> Exercise details:
Take the lines below beginning at the line that has "#44=VECTOR('',#43,1.);" and stopping after the line that has "#114=CARTESIAN_POINT('',(2130.,-15.,0.));", and print them exactly as they are, with no other lines.
═══ Dataset excerpts ═══
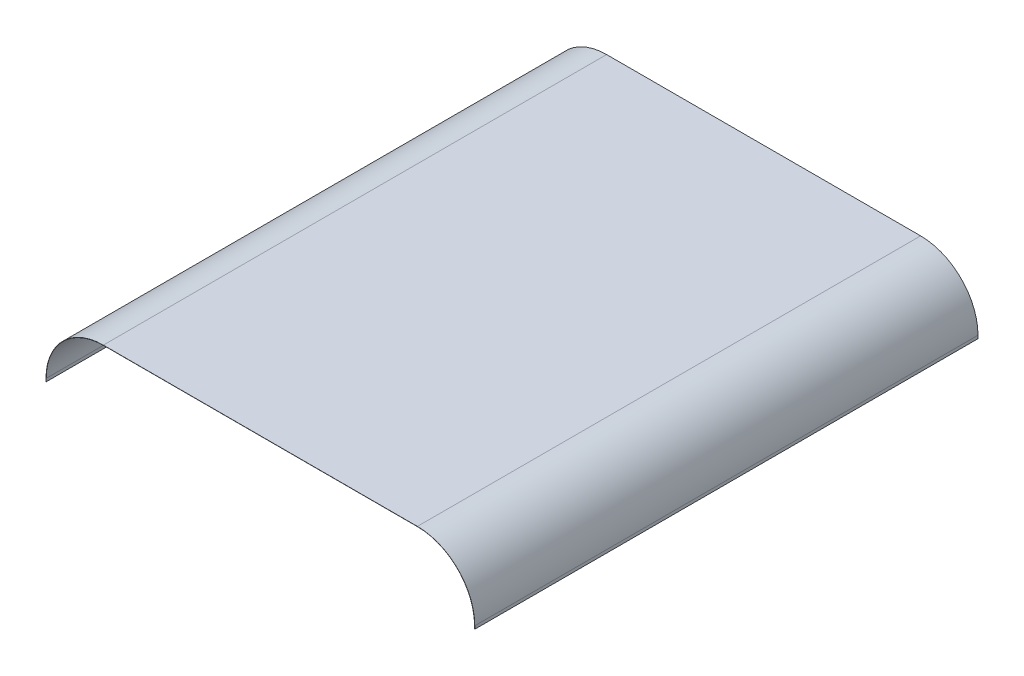
ISO-10303-21;
HEADER;
FILE_DESCRIPTION(('STEP AP214'),'2;1');
FILE_NAME('part.step','',(''),(''),'','','');
FILE_SCHEMA(('AUTOMOTIVE_DESIGN { 1 0 10303 214 1 1 1 1 }'));
ENDSEC;
DATA;
#1=APPLICATION_CONTEXT('core data for automotive mechanical design processes');
#2=APPLICATION_PROTOCOL_DEFINITION('international standard','automotive_design',2000,#1);
#3=PRODUCT_CONTEXT('',#1,'mechanical');
#4=PRODUCT('Part','Part','',(#3));
#5=PRODUCT_RELATED_PRODUCT_CATEGORY('part','',(#4));
#6=PRODUCT_DEFINITION_FORMATION('','',#4);
#7=PRODUCT_DEFINITION_CONTEXT('part definition',#1,'design');
#8=PRODUCT_DEFINITION('design','',#6,#7);
#9=PRODUCT_DEFINITION_SHAPE('','',#8);
#10=(LENGTH_UNIT() NAMED_UNIT(*) SI_UNIT(.MILLI.,.METRE.));
#11=(NAMED_UNIT(*) PLANE_ANGLE_UNIT() SI_UNIT($,.RADIAN.));
#12=(NAMED_UNIT(*) SI_UNIT($,.STERADIAN.) SOLID_ANGLE_UNIT());
#13=UNCERTAINTY_MEASURE_WITH_UNIT(LENGTH_MEASURE(1.E-05),#10,'distance_accuracy_value','');
#14=(GEOMETRIC_REPRESENTATION_CONTEXT(3) GLOBAL_UNCERTAINTY_ASSIGNED_CONTEXT((#13)) GLOBAL_UNIT_ASSIGNED_CONTEXT((#10,
#11,#12)) REPRESENTATION_CONTEXT('',''));
#15=CARTESIAN_POINT('',(0.,0.,0.));
#16=DIRECTION('',(0.,0.,1.));
#17=DIRECTION('',(1.,0.,0.));
#18=AXIS2_PLACEMENT_3D('',#15,#16,#17);
#19=CARTESIAN_POINT('',(2130.,0.,0.));
#20=DIRECTION('',(0.,0.,-1.));
#21=DIRECTION('',(0.,-1.,0.));
#22=AXIS2_PLACEMENT_3D('',#19,#20,#21);
#23=PLANE('',#22);
#24=DIRECTION('',(0.,1.,0.));
#25=VECTOR('',#24,1.);
#26=CARTESIAN_POINT('',(2129.,0.,0.));
#27=LINE('',#26,#25);
#28=CARTESIAN_POINT('',(2129.,0.,0.));
#29=VERTEX_POINT('',#28);
#30=CARTESIAN_POINT('',(2129.,-15.,0.));
#31=VERTEX_POINT('',#30);
#32=EDGE_CURVE('E196',#29,#31,#27,.F.);
#33=ORIENTED_EDGE('',*,*,#32,.F.);
#34=CARTESIAN_POINT('',(1845.,0.,0.));
#35=DIRECTION('',(0.,0.,1.));
#36=DIRECTION('',(1.,0.,0.));
#37=AXIS2_PLACEMENT_3D('',#34,#35,#36);
#38=CIRCLE('',#37,284.);
#39=CARTESIAN_POINT('',(1845.,284.,0.));
#40=VERTEX_POINT('',#39);
#41=EDGE_CURVE('E192',#40,#29,#38,.F.);
#42=ORIENTED_EDGE('',*,*,#41,.F.);
#43=DIRECTION('',(1.,0.,0.));
#44=VECTOR('',#43,1.);
#45=CARTESIAN_POINT('',(285.,284.,0.));
#46=LINE('',#45,#44);
#47=CARTESIAN_POINT('',(285.,284.,0.));
#48=VERTEX_POINT('',#47);
#49=EDGE_CURVE('E188',#48,#40,#46,.T.);
#50=ORIENTED_EDGE('',*,*,#49,.F.);
#51=CARTESIAN_POINT('',(285.,0.,0.));
#52=DIRECTION('',(0.,0.,1.));
#53=DIRECTION('',(1.,0.,0.));
#54=AXIS2_PLACEMENT_3D('',#51,#52,#53);
#55=CIRCLE('',#54,284.);
#56=CARTESIAN_POINT('',(1.,0.,0.));
#57=VERTEX_POINT('',#56);
#58=EDGE_CURVE('E185',#57,#48,#55,.F.);
#59=ORIENTED_EDGE('',*,*,#58,.F.);
#60=DIRECTION('',(0.,1.,0.));
#61=VECTOR('',#60,1.);
#62=CARTESIAN_POINT('',(1.,0.,0.));
#63=LINE('',#62,#61);
#64=CARTESIAN_POINT('',(1.,-15.,0.));
#65=VERTEX_POINT('',#64);
#66=EDGE_CURVE('E181',#65,#57,#63,.T.);
#67=ORIENTED_EDGE('',*,*,#66,.F.);
#68=DIRECTION('',(1.,0.,0.));
#69=VECTOR('',#68,1.);
#70=CARTESIAN_POINT('',(0.,-15.,0.));
#71=LINE('',#70,#69);
#72=CARTESIAN_POINT('',(0.,-15.,0.));
#73=VERTEX_POINT('',#72);
#74=EDGE_CURVE('E11',#73,#65,#71,.T.);
#75=ORIENTED_EDGE('',*,*,#74,.F.);
#76=DIRECTION('',(0.,1.,0.));
#77=VECTOR('',#76,1.);
#78=CARTESIAN_POINT('',(0.,0.,0.));
#79=LINE('',#78,#77);
#80=CARTESIAN_POINT('',(0.,0.,0.));
#81=VERTEX_POINT('',#80);
#82=EDGE_CURVE('E154',#73,#81,#79,.T.);
#83=ORIENTED_EDGE('',*,*,#82,.T.);
#84=CARTESIAN_POINT('',(285.,0.,0.));
#85=DIRECTION('',(0.,0.,-1.));
#86=DIRECTION('',(-1.,0.,0.));
#87=AXIS2_PLACEMENT_3D('',#84,#85,#86);
#88=CIRCLE('',#87,285.);
#89=CARTESIAN_POINT('',(285.,285.,0.));
#90=VERTEX_POINT('',#89);
#91=EDGE_CURVE('E156',#81,#90,#88,.T.);
#92=ORIENTED_EDGE('',*,*,#91,.T.);
#93=DIRECTION('',(1.,0.,0.));
#94=VECTOR('',#93,1.);
#95=CARTESIAN_POINT('',(285.,285.,0.));
#96=LINE('',#95,#94);
#97=CARTESIAN_POINT('',(1845.,285.,0.));
#98=VERTEX_POINT('',#97);
#99=EDGE_CURVE('E149',#90,#98,#96,.T.);
#100=ORIENTED_EDGE('',*,*,#99,.T.);
#101=CARTESIAN_POINT('',(1845.,0.,0.));
#102=DIRECTION('',(0.,0.,-1.));
#103=DIRECTION('',(1.,0.,0.));
#104=AXIS2_PLACEMENT_3D('',#101,#102,#103);
#105=CIRCLE('',#104,285.);
#106=CARTESIAN_POINT('',(2130.,0.,0.));
#107=VERTEX_POINT('',#106);
#108=EDGE_CURVE('E146',#98,#107,#105,.T.);
#109=ORIENTED_EDGE('',*,*,#108,.T.);
#110=DIRECTION('',(0.,-1.,0.));
#111=VECTOR('',#110,1.);
#112=CARTESIAN_POINT('',(2130.,0.,0.));
#113=LINE('',#112,#111);
#114=CARTESIAN_POINT('',(2130.,-15.,0.));
#115=VERTEX_POINT('',#114);
#116=EDGE_CURVE('E136',#107,#115,#113,.T.);
#117=ORIENTED_EDGE('',*,*,#116,.T.);
#118=DIRECTION('',(-1.,0.,0.));
#119=VECTOR('',#118,1.);
#120=CARTESIAN_POINT('',(2130.,-15.,0.));
#121=LINE('',#120,#119);
#122=EDGE_CURVE('E46',#115,#31,#121,.T.);
#123=ORIENTED_EDGE('',*,*,#122,.T.);
#124=EDGE_LOOP('',(#33,#42,#50,#59,#67,#75,#83,#92,#100,#109,#117,#123));
#125=FACE_BOUND('',#124,.T.);
#126=ADVANCED_FACE('F36',(#125),#23,.T.);
#127=CARTESIAN_POINT('',(2130.,-15.,0.));
#128=DIRECTION('',(0.,-1.,0.));
#129=DIRECTION('',(0.,0.,1.));
#130=AXIS2_PLACEMENT_3D('',#127,#128,#129);
#131=PLANE('',#130);
#132=ORIENTED_EDGE('',*,*,#122,.F.);
#133=DIRECTION('',(0.,0.,1.));
#134=VECTOR('',#133,1.);
#135=CARTESIAN_POINT('',(2130.,-15.,0.));
#136=LINE('',#135,#134);
#137=CARTESIAN_POINT('',(2130.,-15.,2500.));
#138=VERTEX_POINT('',#137);
#139=EDGE_CURVE('E132',#115,#138,#136,.T.);
#140=ORIENTED_EDGE('',*,*,#139,.T.);
#141=DIRECTION('',(-1.,0.,0.));
#142=VECTOR('',#141,1.);
#143=CARTESIAN_POINT('',(2130.,-15.,2500.));
#144=LINE('',#143,#142);
#145=CARTESIAN_POINT('',(2129.,-15.,2500.));
#146=VERTEX_POINT('',#145);
#147=EDGE_CURVE('E117',#138,#146,#144,.T.);
#148=ORIENTED_EDGE('',*,*,#147,.T.);
#149=DIRECTION('',(0.,0.,1.));
#150=VECTOR('',#149,1.);
#151=CARTESIAN_POINT('',(2129.,-15.,0.));
#152=LINE('',#151,#150);
#153=EDGE_CURVE('E198',#31,#146,#152,.T.);
#154=ORIENTED_EDGE('',*,*,#153,.F.);
#155=EDGE_LOOP('',(#132,#140,#148,#154));
#156=FACE_BOUND('',#155,.T.);
#157=ADVANCED_FACE('F134',(#156),#131,.T.);
#158=CARTESIAN_POINT('',(0.,0.,2500.));
#159=DIRECTION('',(0.,0.,-1.));
#160=DIRECTION('',(0.,1.,0.));
#161=AXIS2_PLACEMENT_3D('',#158,#159,#160);
#162=PLANE('',#161);
#163=DIRECTION('',(0.,1.,0.));
#164=VECTOR('',#163,1.);
#165=CARTESIAN_POINT('',(1.,0.,2500.));
#166=LINE('',#165,#164);
#167=CARTESIAN_POINT('',(1.,-15.,2500.));
#168=VERTEX_POINT('',#167);
#169=CARTESIAN_POINT('',(1.,0.,2500.));
#170=VERTEX_POINT('',#169);
#171=EDGE_CURVE('E182',#168,#170,#166,.T.);
#172=ORIENTED_EDGE('',*,*,#171,.T.);
#173=CARTESIAN_POINT('',(285.,0.,2500.));
#174=DIRECTION('',(0.,0.,1.));
#175=DIRECTION('',(1.,0.,0.));
#176=AXIS2_PLACEMENT_3D('',#173,#174,#175);
#177=CIRCLE('',#176,284.);
#178=CARTESIAN_POINT('',(285.,284.,2500.));
#179=VERTEX_POINT('',#178);
#180=EDGE_CURVE('E190',#170,#179,#177,.F.);
#181=ORIENTED_EDGE('',*,*,#180,.T.);
#182=DIRECTION('',(1.,0.,0.));
#183=VECTOR('',#182,1.);
#184=CARTESIAN_POINT('',(285.,284.,2500.));
#185=LINE('',#184,#183);
#186=CARTESIAN_POINT('',(1845.,284.,2500.));
#187=VERTEX_POINT('',#186);
#188=EDGE_CURVE('E194',#179,#187,#185,.T.);
#189=ORIENTED_EDGE('',*,*,#188,.T.);
#190=CARTESIAN_POINT('',(1845.,0.,2500.));
#191=DIRECTION('',(0.,0.,1.));
#192=DIRECTION('',(1.,0.,0.));
#193=AXIS2_PLACEMENT_3D('',#190,#191,#192);
#194=CIRCLE('',#193,284.);
#195=CARTESIAN_POINT('',(2129.,0.,2500.));
#196=VERTEX_POINT('',#195);
#197=EDGE_CURVE('E201',#187,#196,#194,.F.);
#198=ORIENTED_EDGE('',*,*,#197,.T.);
#199=DIRECTION('',(0.,1.,0.));
#200=VECTOR('',#199,1.);
#201=CARTESIAN_POINT('',(2129.,0.,2500.));
#202=LINE('',#201,#200);
#203=EDGE_CURVE('E124',#196,#146,#202,.F.);
#204=ORIENTED_EDGE('',*,*,#203,.T.);
#205=ORIENTED_EDGE('',*,*,#147,.F.);
#206=DIRECTION('',(0.,-1.,0.));
#207=VECTOR('',#206,1.);
#208=CARTESIAN_POINT('',(2130.,0.,2500.));
#209=LINE('',#208,#207);
#210=CARTESIAN_POINT('',(2130.,0.,2500.));
#211=VERTEX_POINT('',#210);
#212=EDGE_CURVE('E121',#211,#138,#209,.T.);
#213=ORIENTED_EDGE('',*,*,#212,.F.);
#214=CARTESIAN_POINT('',(1845.,0.,2500.));
#215=DIRECTION('',(0.,0.,-1.));
#216=DIRECTION('',(1.,0.,0.));
#217=AXIS2_PLACEMENT_3D('',#214,#215,#216);
#218=CIRCLE('',#217,285.);
#219=CARTESIAN_POINT('',(1845.,285.,2500.));
#220=VERTEX_POINT('',#219);
#221=EDGE_CURVE('E135',#220,#211,#218,.T.);
#222=ORIENTED_EDGE('',*,*,#221,.F.);
#223=DIRECTION('',(1.,0.,0.));
#224=VECTOR('',#223,1.);
#225=CARTESIAN_POINT('',(285.,285.,2500.));
#226=LINE('',#225,#224);
#227=CARTESIAN_POINT('',(285.,285.,2500.));
#228=VERTEX_POINT('',#227);
#229=EDGE_CURVE('E150',#228,#220,#226,.T.);
#230=ORIENTED_EDGE('',*,*,#229,.F.);
#231=CARTESIAN_POINT('',(285.,0.,2500.));
#232=DIRECTION('',(0.,0.,-1.));
#233=DIRECTION('',(-1.,0.,0.));
#234=AXIS2_PLACEMENT_3D('',#231,#232,#233);
#235=CIRCLE('',#234,285.);
#236=CARTESIAN_POINT('',(0.,0.,2500.));
#237=VERTEX_POINT('',#236);
#238=EDGE_CURVE('E157',#237,#228,#235,.T.);
#239=ORIENTED_EDGE('',*,*,#238,.F.);
#240=DIRECTION('',(0.,1.,0.));
#241=VECTOR('',#240,1.);
#242=CARTESIAN_POINT('',(0.,0.,2500.));
#243=LINE('',#242,#241);
#244=CARTESIAN_POINT('',(0.,-15.,2500.));
#245=VERTEX_POINT('',#244);
#246=EDGE_CURVE('E143',#245,#237,#243,.T.);
#247=ORIENTED_EDGE('',*,*,#246,.F.);
#248=DIRECTION('',(1.,0.,0.));
#249=VECTOR('',#248,1.);
#250=CARTESIAN_POINT('',(0.,-15.,2500.));
#251=LINE('',#250,#249);
#252=EDGE_CURVE('E40',#245,#168,#251,.T.);
#253=ORIENTED_EDGE('',*,*,#252,.T.);
#254=EDGE_LOOP('',(#172,#181,#189,#198,#204,#205,#213,#222,#230,#239,#247,#253));
#255=FACE_BOUND('',#254,.T.);
#256=ADVANCED_FACE('F119',(#255),#162,.F.);
#257=CARTESIAN_POINT('',(0.,-15.,0.));
#258=DIRECTION('',(0.,1.,0.));
#259=DIRECTION('',(0.,0.,1.));
#260=AXIS2_PLACEMENT_3D('',#257,#258,#259);
#261=PLANE('',#260);
#262=DIRECTION('',(0.,0.,1.));
#263=VECTOR('',#262,1.);
#264=CARTESIAN_POINT('',(0.,-15.,0.));
#265=LINE('',#264,#263);
#266=EDGE_CURVE('E151',#73,#245,#265,.T.);
#267=ORIENTED_EDGE('',*,*,#266,.F.);
#268=ORIENTED_EDGE('',*,*,#74,.T.);
#269=DIRECTION('',(0.,0.,1.));
#270=VECTOR('',#269,1.);
#271=CARTESIAN_POINT('',(1.,-15.,0.));
#272=LINE('',#271,#270);
#273=EDGE_CURVE('E178',#65,#168,#272,.T.);
#274=ORIENTED_EDGE('',*,*,#273,.T.);
#275=ORIENTED_EDGE('',*,*,#252,.F.);
#276=EDGE_LOOP('',(#267,#268,#274,#275));
#277=FACE_BOUND('',#276,.T.);
#278=ADVANCED_FACE('F38',(#277),#261,.F.);
#279=CARTESIAN_POINT('',(1.,0.,0.));
#280=DIRECTION('',(1.,0.,0.));
#281=DIRECTION('',(0.,1.,0.));
#282=AXIS2_PLACEMENT_3D('',#279,#280,#281);
#283=PLANE('',#282);
#284=ORIENTED_EDGE('',*,*,#171,.F.);
#285=ORIENTED_EDGE('',*,*,#273,.F.);
#286=ORIENTED_EDGE('',*,*,#66,.T.);
#287=DIRECTION('',(0.,0.,1.));
#288=VECTOR('',#287,1.);
#289=CARTESIAN_POINT('',(1.,0.,0.));
#290=LINE('',#289,#288);
#291=EDGE_CURVE('E187',#57,#170,#290,.T.);
#292=ORIENTED_EDGE('',*,*,#291,.T.);
#293=EDGE_LOOP('',(#284,#285,#286,#292));
#294=FACE_BOUND('',#293,.T.);
#295=ADVANCED_FACE('F219',(#294),#283,.T.);
#296=CARTESIAN_POINT('',(285.,0.,0.));
#297=DIRECTION('',(0.,0.,1.));
#298=DIRECTION('',(1.,0.,0.));
#299=AXIS2_PLACEMENT_3D('',#296,#297,#298);
#300=CYLINDRICAL_SURFACE('',#299,284.);
#301=ORIENTED_EDGE('',*,*,#180,.F.);
#302=ORIENTED_EDGE('',*,*,#291,.F.);
#303=ORIENTED_EDGE('',*,*,#58,.T.);
#304=DIRECTION('',(0.,0.,1.));
#305=VECTOR('',#304,1.);
#306=CARTESIAN_POINT('',(285.,284.,0.));
#307=LINE('',#306,#305);
#308=EDGE_CURVE('E191',#48,#179,#307,.T.);
#309=ORIENTED_EDGE('',*,*,#308,.T.);
#310=EDGE_LOOP('',(#301,#302,#303,#309));
#311=FACE_BOUND('',#310,.T.);
#312=ADVANCED_FACE('F225',(#311),#300,.F.);
#313=CARTESIAN_POINT('',(285.,284.,0.));
#314=DIRECTION('',(0.,-1.,0.));
#315=DIRECTION('',(0.,0.,-1.));
#316=AXIS2_PLACEMENT_3D('',#313,#314,#315);
#317=PLANE('',#316);
#318=ORIENTED_EDGE('',*,*,#188,.F.);
#319=ORIENTED_EDGE('',*,*,#308,.F.);
#320=ORIENTED_EDGE('',*,*,#49,.T.);
#321=DIRECTION('',(0.,0.,-1.));
#322=VECTOR('',#321,1.);
#323=CARTESIAN_POINT('',(1845.,284.,0.));
#324=LINE('',#323,#322);
#325=EDGE_CURVE('E195',#40,#187,#324,.F.);
#326=ORIENTED_EDGE('',*,*,#325,.T.);
#327=EDGE_LOOP('',(#318,#319,#320,#326));
#328=FACE_BOUND('',#327,.T.);
#329=ADVANCED_FACE('F239',(#328),#317,.T.);
#330=CARTESIAN_POINT('',(1845.,0.,0.));
#331=DIRECTION('',(0.,0.,1.));
#332=DIRECTION('',(1.,0.,0.));
#333=AXIS2_PLACEMENT_3D('',#330,#331,#332);
#334=CYLINDRICAL_SURFACE('',#333,284.);
#335=ORIENTED_EDGE('',*,*,#197,.F.);
#336=ORIENTED_EDGE('',*,*,#325,.F.);
#337=ORIENTED_EDGE('',*,*,#41,.T.);
#338=DIRECTION('',(0.,0.,1.));
#339=VECTOR('',#338,1.);
#340=CARTESIAN_POINT('',(2129.,0.,0.));
#341=LINE('',#340,#339);
#342=EDGE_CURVE('E199',#29,#196,#341,.T.);
#343=ORIENTED_EDGE('',*,*,#342,.T.);
#344=EDGE_LOOP('',(#335,#336,#337,#343));
#345=FACE_BOUND('',#344,.T.);
#346=ADVANCED_FACE('F249',(#345),#334,.F.);
#347=CARTESIAN_POINT('',(2129.,0.,0.));
#348=DIRECTION('',(-1.,0.,0.));
#349=DIRECTION('',(0.,0.,1.));
#350=AXIS2_PLACEMENT_3D('',#347,#348,#349);
#351=PLANE('',#350);
#352=ORIENTED_EDGE('',*,*,#203,.F.);
#353=ORIENTED_EDGE('',*,*,#342,.F.);
#354=ORIENTED_EDGE('',*,*,#32,.T.);
#355=ORIENTED_EDGE('',*,*,#153,.T.);
#356=EDGE_LOOP('',(#352,#353,#354,#355));
#357=FACE_BOUND('',#356,.T.);
#358=ADVANCED_FACE('F248',(#357),#351,.T.);
#359=CARTESIAN_POINT('',(0.,0.,0.));
#360=DIRECTION('',(1.,0.,0.));
#361=DIRECTION('',(0.,1.,0.));
#362=AXIS2_PLACEMENT_3D('',#359,#360,#361);
#363=PLANE('',#362);
#364=ORIENTED_EDGE('',*,*,#246,.T.);
#365=DIRECTION('',(0.,0.,1.));
#366=VECTOR('',#365,1.);
#367=CARTESIAN_POINT('',(0.,0.,0.));
#368=LINE('',#367,#366);
#369=EDGE_CURVE('E155',#81,#237,#368,.T.);
#370=ORIENTED_EDGE('',*,*,#369,.F.);
#371=ORIENTED_EDGE('',*,*,#82,.F.);
#372=ORIENTED_EDGE('',*,*,#266,.T.);
#373=EDGE_LOOP('',(#364,#370,#371,#372));
#374=FACE_BOUND('',#373,.T.);
#375=ADVANCED_FACE('F233',(#374),#363,.F.);
#376=CARTESIAN_POINT('',(285.,0.,0.));
#377=DIRECTION('',(0.,0.,1.));
#378=DIRECTION('',(1.,0.,0.));
#379=AXIS2_PLACEMENT_3D('',#376,#377,#378);
#380=CYLINDRICAL_SURFACE('',#379,285.);
#381=ORIENTED_EDGE('',*,*,#238,.T.);
#382=DIRECTION('',(0.,0.,1.));
#383=VECTOR('',#382,1.);
#384=CARTESIAN_POINT('',(285.,285.,0.));
#385=LINE('',#384,#383);
#386=EDGE_CURVE('E147',#90,#228,#385,.T.);
#387=ORIENTED_EDGE('',*,*,#386,.F.);
#388=ORIENTED_EDGE('',*,*,#91,.F.);
#389=ORIENTED_EDGE('',*,*,#369,.T.);
#390=EDGE_LOOP('',(#381,#387,#388,#389));
#391=FACE_BOUND('',#390,.T.);
#392=ADVANCED_FACE('F268',(#391),#380,.T.);
#393=CARTESIAN_POINT('',(285.,285.,0.));
#394=DIRECTION('',(0.,-1.,0.));
#395=DIRECTION('',(0.,0.,-1.));
#396=AXIS2_PLACEMENT_3D('',#393,#394,#395);
#397=PLANE('',#396);
#398=ORIENTED_EDGE('',*,*,#229,.T.);
#399=DIRECTION('',(0.,0.,1.));
#400=VECTOR('',#399,1.);
#401=CARTESIAN_POINT('',(1845.,285.,0.));
#402=LINE('',#401,#400);
#403=EDGE_CURVE('E138',#98,#220,#402,.T.);
#404=ORIENTED_EDGE('',*,*,#403,.F.);
#405=ORIENTED_EDGE('',*,*,#99,.F.);
#406=ORIENTED_EDGE('',*,*,#386,.T.);
#407=EDGE_LOOP('',(#398,#404,#405,#406));
#408=FACE_BOUND('',#407,.T.);
#409=ADVANCED_FACE('F271',(#408),#397,.F.);
#410=CARTESIAN_POINT('',(1845.,0.,0.));
#411=DIRECTION('',(0.,0.,1.));
#412=DIRECTION('',(1.,0.,0.));
#413=AXIS2_PLACEMENT_3D('',#410,#411,#412);
#414=CYLINDRICAL_SURFACE('',#413,285.);
#415=ORIENTED_EDGE('',*,*,#221,.T.);
#416=DIRECTION('',(0.,0.,1.));
#417=VECTOR('',#416,1.);
#418=CARTESIAN_POINT('',(2130.,0.,0.));
#419=LINE('',#418,#417);
#420=EDGE_CURVE('E110',#107,#211,#419,.T.);
#421=ORIENTED_EDGE('',*,*,#420,.F.);
#422=ORIENTED_EDGE('',*,*,#108,.F.);
#423=ORIENTED_EDGE('',*,*,#403,.T.);
#424=EDGE_LOOP('',(#415,#421,#422,#423));
#425=FACE_BOUND('',#424,.T.);
#426=ADVANCED_FACE('F274',(#425),#414,.T.);
#427=CARTESIAN_POINT('',(2130.,0.,0.));
#428=DIRECTION('',(-1.,0.,0.));
#429=DIRECTION('',(0.,0.,1.));
#430=AXIS2_PLACEMENT_3D('',#427,#428,#429);
#431=PLANE('',#430);
#432=ORIENTED_EDGE('',*,*,#212,.T.);
#433=ORIENTED_EDGE('',*,*,#139,.F.);
#434=ORIENTED_EDGE('',*,*,#116,.F.);
#435=ORIENTED_EDGE('',*,*,#420,.T.);
#436=EDGE_LOOP('',(#432,#433,#434,#435));
#437=FACE_BOUND('',#436,.T.);
#438=ADVANCED_FACE('F131',(#437),#431,.F.);
#439=CLOSED_SHELL('',(#126,#157,#256,#278,#295,#312,#329,#346,#358,#375,#392,#409,#426,#438));
#440=MANIFOLD_SOLID_BREP('B2',#439);
#441=ADVANCED_BREP_SHAPE_REPRESENTATION('',(#18,#440),#14);
#442=SHAPE_DEFINITION_REPRESENTATION(#9,#441);
ENDSEC;
END-ISO-10303-21;
═══
> Worked solution:
#44=VECTOR('',#43,1.);
#45=CARTESIAN_POINT('',(285.,284.,0.));
#46=LINE('',#45,#44);
#47=CARTESIAN_POINT('',(285.,284.,0.));
#48=VERTEX_POINT('',#47);
#49=EDGE_CURVE('E188',#48,#40,#46,.T.);
#50=ORIENTED_EDGE('',*,*,#49,.F.);
#51=CARTESIAN_POINT('',(285.,0.,0.));
#52=DIRECTION('',(0.,0.,1.));
#53=DIRECTION('',(1.,0.,0.));
#54=AXIS2_PLACEMENT_3D('',#51,#52,#53);
#55=CIRCLE('',#54,284.);
#56=CARTESIAN_POINT('',(1.,0.,0.));
#57=VERTEX_POINT('',#56);
#58=EDGE_CURVE('E185',#57,#48,#55,.F.);
#59=ORIENTED_EDGE('',*,*,#58,.F.);
#60=DIRECTION('',(0.,1.,0.));
#61=VECTOR('',#60,1.);
#62=CARTESIAN_POINT('',(1.,0.,0.));
#63=LINE('',#62,#61);
#64=CARTESIAN_POINT('',(1.,-15.,0.));
#65=VERTEX_POINT('',#64);
#66=EDGE_CURVE('E181',#65,#57,#63,.T.);
#67=ORIENTED_EDGE('',*,*,#66,.F.);
#68=DIRECTION('',(1.,0.,0.));
#69=VECTOR('',#68,1.);
#70=CARTESIAN_POINT('',(0.,-15.,0.));
#71=LINE('',#70,#69);
#72=CARTESIAN_POINT('',(0.,-15.,0.));
#73=VERTEX_POINT('',#72);
#74=EDGE_CURVE('E11',#73,#65,#71,.T.);
#75=ORIENTED_EDGE('',*,*,#74,.F.);
#76=DIRECTION('',(0.,1.,0.));
#77=VECTOR('',#76,1.);
#78=CARTESIAN_POINT('',(0.,0.,0.));
#79=LINE('',#78,#77);
#80=CARTESIAN_POINT('',(0.,0.,0.));
#81=VERTEX_POINT('',#80);
#82=EDGE_CURVE('E154',#73,#81,#79,.T.);
#83=ORIENTED_EDGE('',*,*,#82,.T.);
#84=CARTESIAN_POINT('',(285.,0.,0.));
#85=DIRECTION('',(0.,0.,-1.));
#86=DIRECTION('',(-1.,0.,0.));
#87=AXIS2_PLACEMENT_3D('',#84,#85,#86);
#88=CIRCLE('',#87,285.);
#89=CARTESIAN_POINT('',(285.,285.,0.));
#90=VERTEX_POINT('',#89);
#91=EDGE_CURVE('E156',#81,#90,#88,.T.);
#92=ORIENTED_EDGE('',*,*,#91,.T.);
#93=DIRECTION('',(1.,0.,0.));
#94=VECTOR('',#93,1.);
#95=CARTESIAN_POINT('',(285.,285.,0.));
#96=LINE('',#95,#94);
#97=CARTESIAN_POINT('',(1845.,285.,0.));
#98=VERTEX_POINT('',#97);
#99=EDGE_CURVE('E149',#90,#98,#96,.T.);
#100=ORIENTED_EDGE('',*,*,#99,.T.);
#101=CARTESIAN_POINT('',(1845.,0.,0.));
#102=DIRECTION('',(0.,0.,-1.));
#103=DIRECTION('',(1.,0.,0.));
#104=AXIS2_PLACEMENT_3D('',#101,#102,#103);
#105=CIRCLE('',#104,285.);
#106=CARTESIAN_POINT('',(2130.,0.,0.));
#107=VERTEX_POINT('',#106);
#108=EDGE_CURVE('E146',#98,#107,#105,.T.);
#109=ORIENTED_EDGE('',*,*,#108,.T.);
#110=DIRECTION('',(0.,-1.,0.));
#111=VECTOR('',#110,1.);
#112=CARTESIAN_POINT('',(2130.,0.,0.));
#113=LINE('',#112,#111);
#114=CARTESIAN_POINT('',(2130.,-15.,0.));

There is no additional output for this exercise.